__Records shown__:

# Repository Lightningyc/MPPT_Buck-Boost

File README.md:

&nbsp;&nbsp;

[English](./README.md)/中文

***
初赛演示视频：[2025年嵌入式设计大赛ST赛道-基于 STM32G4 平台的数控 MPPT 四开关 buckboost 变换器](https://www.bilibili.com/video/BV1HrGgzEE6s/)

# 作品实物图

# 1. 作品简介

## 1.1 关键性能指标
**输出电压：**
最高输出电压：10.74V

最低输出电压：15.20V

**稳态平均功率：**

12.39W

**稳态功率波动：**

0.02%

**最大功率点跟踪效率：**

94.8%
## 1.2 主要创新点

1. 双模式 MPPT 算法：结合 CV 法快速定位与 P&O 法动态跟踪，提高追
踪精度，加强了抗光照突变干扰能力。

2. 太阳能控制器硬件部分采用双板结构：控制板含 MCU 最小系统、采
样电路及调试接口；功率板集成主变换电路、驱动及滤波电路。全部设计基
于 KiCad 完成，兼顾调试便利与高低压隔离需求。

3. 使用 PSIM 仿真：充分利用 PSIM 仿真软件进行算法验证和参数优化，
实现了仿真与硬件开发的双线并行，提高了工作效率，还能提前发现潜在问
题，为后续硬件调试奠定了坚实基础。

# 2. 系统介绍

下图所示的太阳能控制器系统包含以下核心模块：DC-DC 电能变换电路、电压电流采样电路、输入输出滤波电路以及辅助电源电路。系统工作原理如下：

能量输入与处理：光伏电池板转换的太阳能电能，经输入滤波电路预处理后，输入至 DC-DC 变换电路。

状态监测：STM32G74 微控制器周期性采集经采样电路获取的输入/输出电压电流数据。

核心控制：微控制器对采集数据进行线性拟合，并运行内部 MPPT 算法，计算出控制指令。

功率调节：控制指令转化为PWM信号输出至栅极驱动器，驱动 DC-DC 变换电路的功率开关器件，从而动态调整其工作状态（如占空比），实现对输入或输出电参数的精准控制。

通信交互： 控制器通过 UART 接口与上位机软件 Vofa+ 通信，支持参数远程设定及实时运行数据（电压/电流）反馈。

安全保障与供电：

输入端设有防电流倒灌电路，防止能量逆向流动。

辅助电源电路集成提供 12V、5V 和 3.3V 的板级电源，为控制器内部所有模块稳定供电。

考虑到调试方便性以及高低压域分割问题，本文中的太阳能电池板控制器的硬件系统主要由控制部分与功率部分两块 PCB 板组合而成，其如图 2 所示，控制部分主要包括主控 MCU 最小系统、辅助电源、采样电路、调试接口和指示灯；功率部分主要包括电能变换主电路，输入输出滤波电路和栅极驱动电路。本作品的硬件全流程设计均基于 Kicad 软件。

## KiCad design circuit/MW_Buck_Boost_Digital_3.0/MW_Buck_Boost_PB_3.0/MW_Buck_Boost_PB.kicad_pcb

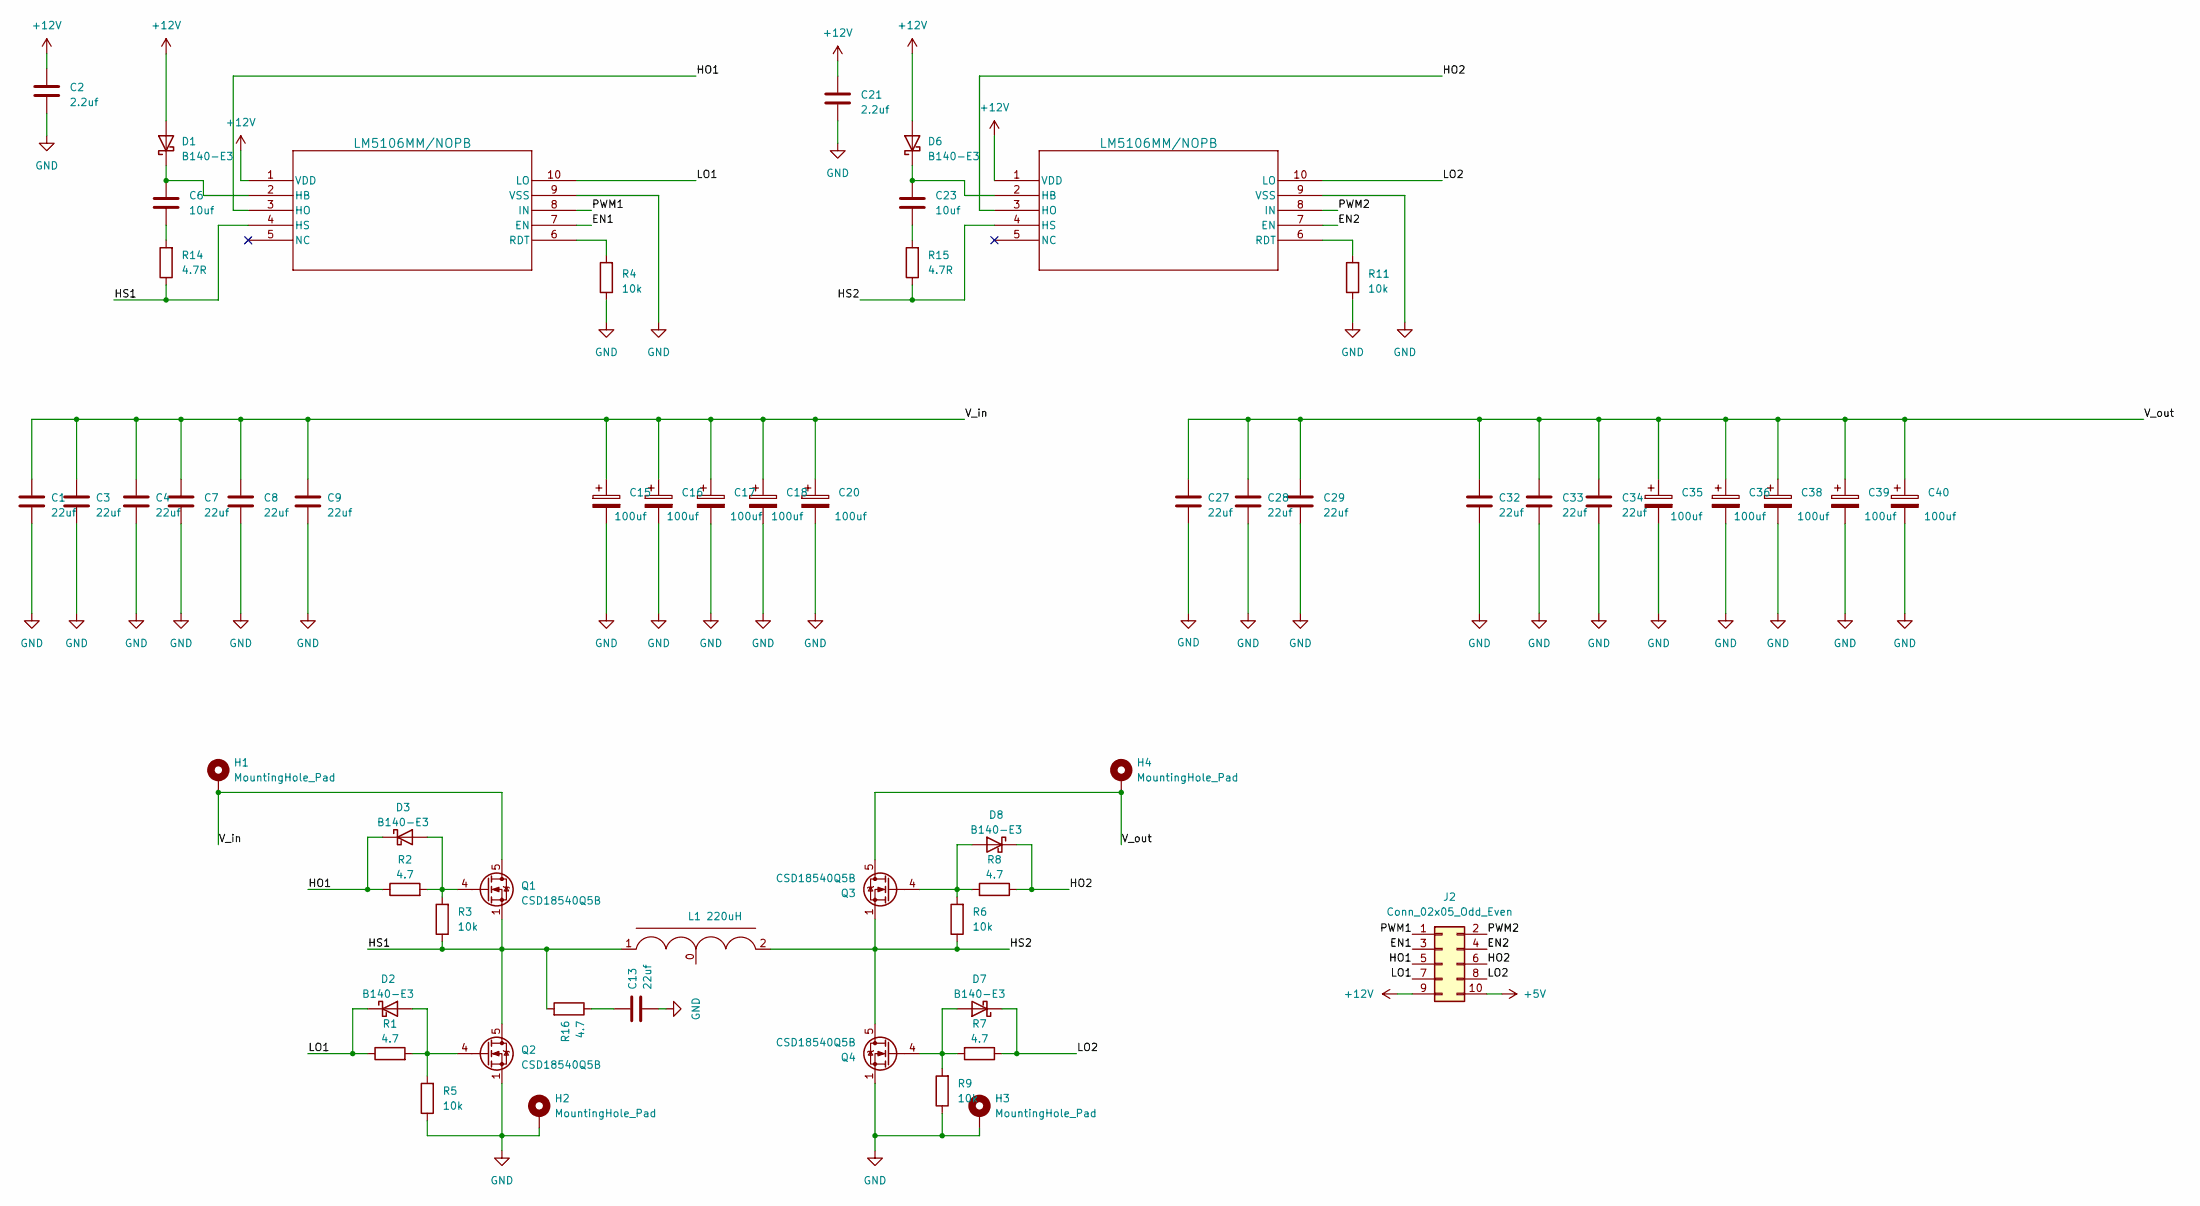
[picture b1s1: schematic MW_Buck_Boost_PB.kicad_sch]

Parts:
C1, C3, C4, C7, C8, C9, C13, C27, C28, C29, C32, C33, C34: 22uf; C_1206_3216Metric
C2, C21: 2.2uf; C_0603_1608Metric
C6, C23: 10uf; C_0603_1608Metric
C15, C16, C17, C18, C20, C35, C36, C38, C39, C40: 100uf; CP_Elec_8x10
D1, D2, D3, D6, D7, D8: B140-E3; D_SOD-123
H1, H2, H3, H4: MountingHole_Pad; MountingHole_3.2mm_M3_Pad_Via
J2: Conn_02x05_Odd_Even; PinHeader_2x05_P2.54mm_Vertical_SMD
L1: 220uH; L_Wurth_WE-HCFT-2012_LeadDiameter1.2mm
Q1, Q2, Q3, Q4: CSD18540Q5B; TDSON-8-1
R1, R2, R7, R8: 4.7; R_0603_1608Metric
R3, R4, R5, R6, R9, R11: 10k; R_0603_1608Metric
R14, R15: 4.7R; R_0603_1608Metric
R16: 4.7; R_1206_3216Metric
U1, U2: LM5106MM/NOPB; SOP50P490X110-10N

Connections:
+5V: J2.10
+12V: C2.1, C21.1, D1.2 (A), D6.2 (A), J2.9, U1.1 (VDD), U2.1 (VDD)
/EN1: J2.3, U1.7 (EN)
/EN2: J2.4, U2.7 (EN)
/HO1: D3.1 (K), J2.5, R2.1, U1.3 (HO)
/HO2: D8.1 (K), J2.6, R8.1, U2.3 (HO)
/HS1: L1.1, Q1.1 (S), Q1.2 (S), Q1.3 (S), Q2.5 (D), R3.1, R14.1, R16.2, U1.4 (HS)
/HS2: L1.2, Q3.1 (S), Q3.2 (S), Q3.3 (S), Q4.5 (D), R6.1, R15.1, U2.4 (HS)
/LO1: D2.1 (K), J2.7, R1.1, U1.10 (LO)
/LO2: D7.1 (K), J2.8, R7.1, U2.10 (LO)
/PWM1: J2.1, U1.8 (IN)
/PWM2: J2.2, U2.8 (IN)
/V_in: C1.1, C3.1, C4.1, C7.1, C8.1, C9.1, C15.1, C16.1, C17.1, C18.1, C20.1, H1.1, Q1.5 (D)
/V_out: C27.1, C28.1, C29.1, C32.1, C33.1, C34.1, C35.1, C36.1, C38.1, C39.1, C40.1, H4.1, Q3.5 (D)
GND: C1.2, C2.2, C3.2, C4.2, C7.2, C8.2, C9.2, C13.2, C15.2, C16.2, C17.2, C18.2, C20.2, C21.2, C27.2, C28.2, C29.2, C32.2, C33.2, C34.2, C35.2, C36.2, C38.2, C39.2, C40.2, H2.1, H3.1, Q2.1 (S), Q2.2 (S), Q2.3 (S), Q4.1 (S), Q4.2 (S), Q4.3 (S), R4.1, R5.1, R9.1, R11.1, U1.9 (VSS), U2.9 (VSS)
unnamed: C6.2, R14.2
unnamed: C13.1, R16.1
unnamed: C23.2, R15.2
unnamed: C6.1, D1.1 (K), U1.2 (HB)
unnamed: D2.2 (A), Q2.4 (G), R1.2, R5.2
unnamed: D3.2 (A), Q1.4 (G), R2.2, R3.2
unnamed: C23.1, D6.1 (K), U2.2 (HB)
unnamed: D7.2 (A), Q4.4 (G), R7.2, R9.2
unnamed: D8.2 (A), Q3.4 (G), R6.2, R8.2
unnamed: R4.2, U1.6 (RDT)
unnamed: R11.2, U2.6 (RDT)

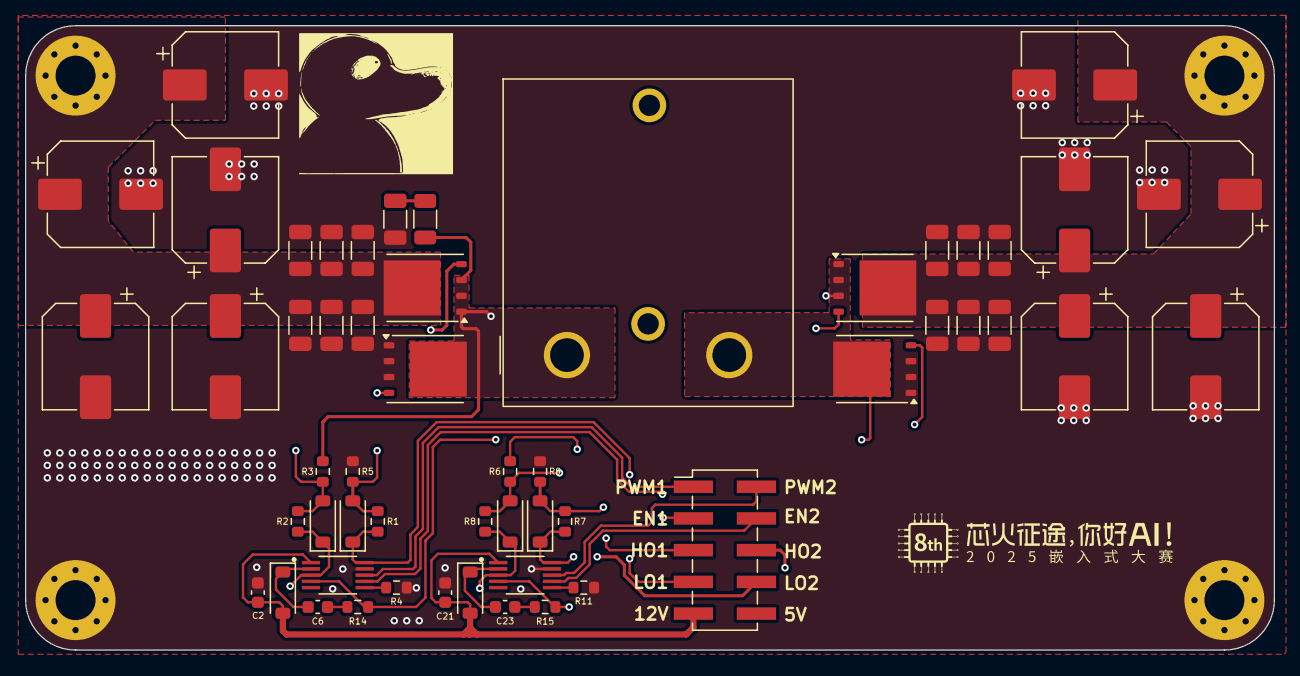
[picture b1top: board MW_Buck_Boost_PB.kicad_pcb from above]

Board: 4 copper layers, 100.0 x 50.0 mm, 58 parts (0 on the bottom side), 25 nets.

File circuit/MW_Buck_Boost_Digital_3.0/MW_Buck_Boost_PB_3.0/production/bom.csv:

Designator,Footprint,Quantity,Value,LCSC Part #
"C1, C13, C27, C28, C29, C3, C32, C33, C34, C4, C7, C8, C9",1206,13,22uf,
"C15, C16, C17, C18, C20, C35, C36, C38, C39, C40",CP_Elec_8x10,10,100uf,
"C2, C21",0603,2,2.2uf,
"C23, C6",0603,2,10uf,
"D1, D2, D3, D6, D7, D8",D_SOD-123,6,B140-E3,
"H1, H2, H3, H4",MountingHole_3.2mm_M3_Pad_Via,4,MountingHole_Pad,
J2,PinHeader_2x05_P2.54mm_Vertical_SMD,1,Conn_02x05_Odd_Even,
L1,L_Wurth_WE-HCFT-2012_LeadDiameter1.2mm,1,47uH,
"Q1, Q2, Q3, Q4",TDSON-8-1,4,CSD18540Q5B,
"R1, R2, R7, R8",0603,4,4.7,
"R11, R3, R4, R5, R6, R9",0603,6,10k,
"R14, R15",0603,2,4.7R,
R16,1206,1,4.7,
"U1, U2",SOP50P490X110-10N,2,LM5106MM/NOPB,

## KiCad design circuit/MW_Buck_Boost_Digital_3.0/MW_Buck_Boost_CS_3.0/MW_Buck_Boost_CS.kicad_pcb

__The task__:
Among the entries above, locate the lines containing "状态监测：STM32G74 微控制器周期" and "辅助电源电路集成提供 12V、5V 和", and transcribe exactly those two lines and all lines between.

__The answer__:
状态监测：STM32G74 微控制器周期性采集经采样电路获取的输入/输出电压电流数据。

核心控制：微控制器对采集数据进行线性拟合，并运行内部 MPPT 算法，计算出控制指令。

功率调节：控制指令转化为PWM信号输出至栅极驱动器，驱动 DC-DC 变换电路的功率开关器件，从而动态调整其工作状态（如占空比），实现对输入或输出电参数的精准控制。

通信交互： 控制器通过 UART 接口与上位机软件 Vofa+ 通信，支持参数远程设定及实时运行数据（电压/电流）反馈。

安全保障与供电：

输入端设有防电流倒灌电路，防止能量逆向流动。

辅助电源电路集成提供 12V、5V 和 3.3V 的板级电源，为控制器内部所有模块稳定供电。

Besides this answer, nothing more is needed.